When you transcribe the entries below, begin at their first line and stop after the line containing "#9=PRODUCT_DEFINITION_SHAPE('','',#8);"; pictures stay out.

Input data START

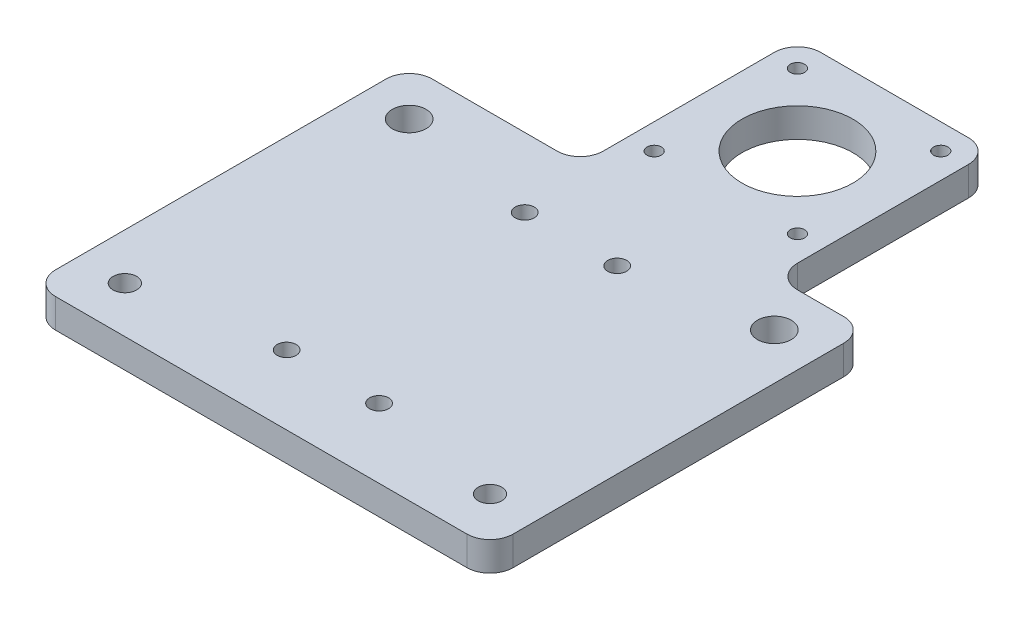
ISO-10303-21;
HEADER;
FILE_DESCRIPTION(('STEP AP214'),'2;1');
FILE_NAME('part.step','',(''),(''),'','','');
FILE_SCHEMA(('AUTOMOTIVE_DESIGN { 1 0 10303 214 1 1 1 1 }'));
ENDSEC;
DATA;
#1=APPLICATION_CONTEXT('core data for automotive mechanical design processes');
#2=APPLICATION_PROTOCOL_DEFINITION('international standard','automotive_design',2000,#1);
#3=PRODUCT_CONTEXT('',#1,'mechanical');
#4=PRODUCT('Part','Part','',(#3));
#5=PRODUCT_RELATED_PRODUCT_CATEGORY('part','',(#4));
#6=PRODUCT_DEFINITION_FORMATION('','',#4);
#7=PRODUCT_DEFINITION_CONTEXT('part definition',#1,'design');
#8=PRODUCT_DEFINITION('design','',#6,#7);
#9=PRODUCT_DEFINITION_SHAPE('','',#8);
#10=(LENGTH_UNIT() NAMED_UNIT(*) SI_UNIT(.MILLI.,.METRE.));
#11=(NAMED_UNIT(*) PLANE_ANGLE_UNIT() SI_UNIT($,.RADIAN.));
#12=(NAMED_UNIT(*) SI_UNIT($,.STERADIAN.) SOLID_ANGLE_UNIT());
#13=UNCERTAINTY_MEASURE_WITH_UNIT(LENGTH_MEASURE(1.E-05),#10,'distance_accuracy_value','');
#14=(GEOMETRIC_REPRESENTATION_CONTEXT(3) GLOBAL_UNCERTAINTY_ASSIGNED_CONTEXT((#13)) GLOBAL_UNIT_ASSIGNED_CONTEXT((#10,
#11,#12)) REPRESENTATION_CONTEXT('',''));
#15=CARTESIAN_POINT('',(0.,0.,0.));
#16=DIRECTION('',(0.,0.,1.));
#17=DIRECTION('',(1.,0.,0.));
#18=AXIS2_PLACEMENT_3D('',#15,#16,#17);
#19=CARTESIAN_POINT('',(0.,6.3,0.));
#20=DIRECTION('',(0.,1.,0.));
#21=DIRECTION('',(0.,0.,1.));
#22=AXIS2_PLACEMENT_3D('',#19,#20,#21);
#23=PLANE('',#22);
#24=CARTESIAN_POINT('',(60.,6.3,-15.));
#25=DIRECTION('',(0.,1.,0.));
#26=DIRECTION('',(0.,0.,1.));
#27=AXIS2_PLACEMENT_3D('',#24,#25,#26);
#28=CIRCLE('',#27,2.04999999999999);
#29=CARTESIAN_POINT('',(60.,6.3,-12.95));
#30=VERTEX_POINT('',#29);
#31=EDGE_CURVE('E348',#30,#30,#28,.T.);
#32=ORIENTED_EDGE('',*,*,#31,.F.);
#33=EDGE_LOOP('',(#32));
#34=FACE_BOUND('',#33,.T.);
#35=CARTESIAN_POINT('',(40.,6.3,-66.5));
#36=DIRECTION('',(0.,1.,0.));
#37=DIRECTION('',(0.,0.,1.));
#38=AXIS2_PLACEMENT_3D('',#35,#36,#37);
#39=CIRCLE('',#38,2.05);
#40=CARTESIAN_POINT('',(40.,6.3,-64.45));
#41=VERTEX_POINT('',#40);
#42=EDGE_CURVE('E336',#41,#41,#39,.T.);
#43=ORIENTED_EDGE('',*,*,#42,.F.);
#44=EDGE_LOOP('',(#43));
#45=FACE_BOUND('',#44,.T.);
#46=CARTESIAN_POINT('',(89.,6.3,-10.));
#47=DIRECTION('',(0.,1.,0.));
#48=DIRECTION('',(0.,0.,1.));
#49=AXIS2_PLACEMENT_3D('',#46,#47,#48);
#50=CIRCLE('',#49,2.54999999999999);
#51=CARTESIAN_POINT('',(89.,6.3,-7.45000000000001));
#52=VERTEX_POINT('',#51);
#53=EDGE_CURVE('E324',#52,#52,#50,.T.);
#54=ORIENTED_EDGE('',*,*,#53,.F.);
#55=EDGE_LOOP('',(#54));
#56=FACE_BOUND('',#55,.T.);
#57=CARTESIAN_POINT('',(42.5,6.3,-92.));
#58=DIRECTION('',(0.,1.,0.));
#59=DIRECTION('',(0.,0.,1.));
#60=AXIS2_PLACEMENT_3D('',#57,#58,#59);
#61=CIRCLE('',#60,1.54999999999999);
#62=CARTESIAN_POINT('',(42.5,6.3,-90.45));
#63=VERTEX_POINT('',#62);
#64=EDGE_CURVE('E312',#63,#63,#61,.T.);
#65=ORIENTED_EDGE('',*,*,#64,.F.);
#66=EDGE_LOOP('',(#65));
#67=FACE_BOUND('',#66,.T.);
#68=CARTESIAN_POINT('',(73.5,6.3,-123.));
#69=DIRECTION('',(0.,1.,0.));
#70=DIRECTION('',(0.,0.,1.));
#71=AXIS2_PLACEMENT_3D('',#68,#69,#70);
#72=CIRCLE('',#71,1.54999999999999);
#73=CARTESIAN_POINT('',(73.5,6.3,-121.45));
#74=VERTEX_POINT('',#73);
#75=EDGE_CURVE('E300',#74,#74,#72,.T.);
#76=ORIENTED_EDGE('',*,*,#75,.F.);
#77=EDGE_LOOP('',(#76));
#78=FACE_BOUND('',#77,.T.);
#79=CARTESIAN_POINT('',(58.,6.3,-107.5));
#80=DIRECTION('',(0.,1.,0.));
#81=DIRECTION('',(0.,0.,1.));
#82=AXIS2_PLACEMENT_3D('',#79,#80,#81);
#83=CIRCLE('',#82,12.);
#84=CARTESIAN_POINT('',(58.,6.3,-95.5));
#85=VERTEX_POINT('',#84);
#86=EDGE_CURVE('E288',#85,#85,#83,.T.);
#87=ORIENTED_EDGE('',*,*,#86,.F.);
#88=EDGE_LOOP('',(#87));
#89=FACE_BOUND('',#88,.T.);
#90=DIRECTION('',(0.,0.,1.));
#91=VECTOR('',#90,1.);
#92=CARTESIAN_POINT('',(0.,6.3,0.));
#93=LINE('',#92,#91);
#94=CARTESIAN_POINT('',(0.,6.3,-76.5));
#95=VERTEX_POINT('',#94);
#96=CARTESIAN_POINT('',(0.,6.3,-5.));
#97=VERTEX_POINT('',#96);
#98=EDGE_CURVE('E197',#95,#97,#93,.T.);
#99=ORIENTED_EDGE('',*,*,#98,.T.);
#100=CARTESIAN_POINT('',(5.,6.3,-5.));
#101=DIRECTION('',(0.,1.,0.));
#102=DIRECTION('',(0.,0.,1.));
#103=AXIS2_PLACEMENT_3D('',#100,#101,#102);
#104=CIRCLE('',#103,5.);
#105=CARTESIAN_POINT('',(5.,6.3,0.));
#106=VERTEX_POINT('',#105);
#107=EDGE_CURVE('E221',#97,#106,#104,.T.);
#108=ORIENTED_EDGE('',*,*,#107,.T.);
#109=DIRECTION('',(1.,0.,0.));
#110=VECTOR('',#109,1.);
#111=CARTESIAN_POINT('',(0.,6.3,0.));
#112=LINE('',#111,#110);
#113=CARTESIAN_POINT('',(94.,6.3,0.));
#114=VERTEX_POINT('',#113);
#115=EDGE_CURVE('E167',#106,#114,#112,.T.);
#116=ORIENTED_EDGE('',*,*,#115,.T.);
#117=CARTESIAN_POINT('',(94.,6.3,-5.));
#118=DIRECTION('',(0.,1.,0.));
#119=DIRECTION('',(0.,0.,1.));
#120=AXIS2_PLACEMENT_3D('',#117,#118,#119);
#121=CIRCLE('',#120,5.);
#122=CARTESIAN_POINT('',(99.,6.3,-5.));
#123=VERTEX_POINT('',#122);
#124=EDGE_CURVE('E219',#114,#123,#121,.T.);
#125=ORIENTED_EDGE('',*,*,#124,.T.);
#126=DIRECTION('',(0.,0.,-1.));
#127=VECTOR('',#126,1.);
#128=CARTESIAN_POINT('',(99.,6.3,0.));
#129=LINE('',#128,#127);
#130=CARTESIAN_POINT('',(99.,6.3,-76.5));
#131=VERTEX_POINT('',#130);
#132=EDGE_CURVE('E279',#123,#131,#129,.T.);
#133=ORIENTED_EDGE('',*,*,#132,.T.);
#134=CARTESIAN_POINT('',(94.,6.3,-76.5));
#135=DIRECTION('',(0.,1.,0.));
#136=DIRECTION('',(0.,0.,1.));
#137=AXIS2_PLACEMENT_3D('',#134,#135,#136);
#138=CIRCLE('',#137,5.);
#139=CARTESIAN_POINT('',(94.,6.3,-81.5));
#140=VERTEX_POINT('',#139);
#141=EDGE_CURVE('E217',#131,#140,#138,.T.);
#142=ORIENTED_EDGE('',*,*,#141,.T.);
#143=DIRECTION('',(-1.,0.,0.));
#144=VECTOR('',#143,1.);
#145=CARTESIAN_POINT('',(79.,6.3,-81.5));
#146=LINE('',#145,#144);
#147=CARTESIAN_POINT('',(84.,6.3,-81.5));
#148=VERTEX_POINT('',#147);
#149=EDGE_CURVE('E276',#140,#148,#146,.T.);
#150=ORIENTED_EDGE('',*,*,#149,.T.);
#151=CARTESIAN_POINT('',(84.,6.3,-86.5));
#152=DIRECTION('',(0.,1.,0.));
#153=DIRECTION('',(0.,0.,1.));
#154=AXIS2_PLACEMENT_3D('',#151,#152,#153);
#155=CIRCLE('',#154,5.);
#156=CARTESIAN_POINT('',(79.,6.3,-86.5));
#157=VERTEX_POINT('',#156);
#158=EDGE_CURVE('E254',#148,#157,#155,.F.);
#159=ORIENTED_EDGE('',*,*,#158,.T.);
#160=DIRECTION('',(0.,0.,-1.));
#161=VECTOR('',#160,1.);
#162=CARTESIAN_POINT('',(79.,6.3,-81.5));
#163=LINE('',#162,#161);
#164=CARTESIAN_POINT('',(79.,6.3,-123.5));
#165=VERTEX_POINT('',#164);
#166=EDGE_CURVE('E273',#157,#165,#163,.T.);
#167=ORIENTED_EDGE('',*,*,#166,.T.);
#168=CARTESIAN_POINT('',(74.,6.3,-123.5));
#169=DIRECTION('',(0.,1.,0.));
#170=DIRECTION('',(0.,0.,1.));
#171=AXIS2_PLACEMENT_3D('',#168,#169,#170);
#172=CIRCLE('',#171,5.);
#173=CARTESIAN_POINT('',(74.,6.3,-128.5));
#174=VERTEX_POINT('',#173);
#175=EDGE_CURVE('E215',#165,#174,#172,.T.);
#176=ORIENTED_EDGE('',*,*,#175,.T.);
#177=DIRECTION('',(-1.,0.,0.));
#178=VECTOR('',#177,1.);
#179=CARTESIAN_POINT('',(37.,6.3,-128.5));
#180=LINE('',#179,#178);
#181=CARTESIAN_POINT('',(42.,6.3,-128.5));
#182=VERTEX_POINT('',#181);
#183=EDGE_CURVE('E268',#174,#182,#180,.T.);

Input data END

- _Answer section_:
ISO-10303-21;
HEADER;
FILE_DESCRIPTION(('STEP AP214'),'2;1');
FILE_NAME('part.step','',(''),(''),'','','');
FILE_SCHEMA(('AUTOMOTIVE_DESIGN { 1 0 10303 214 1 1 1 1 }'));
ENDSEC;
DATA;
#1=APPLICATION_CONTEXT('core data for automotive mechanical design processes');
#2=APPLICATION_PROTOCOL_DEFINITION('international standard','automotive_design',2000,#1);
#3=PRODUCT_CONTEXT('',#1,'mechanical');
#4=PRODUCT('Part','Part','',(#3));
#5=PRODUCT_RELATED_PRODUCT_CATEGORY('part','',(#4));
#6=PRODUCT_DEFINITION_FORMATION('','',#4);
#7=PRODUCT_DEFINITION_CONTEXT('part definition',#1,'design');
#8=PRODUCT_DEFINITION('design','',#6,#7);
#9=PRODUCT_DEFINITION_SHAPE('','',#8);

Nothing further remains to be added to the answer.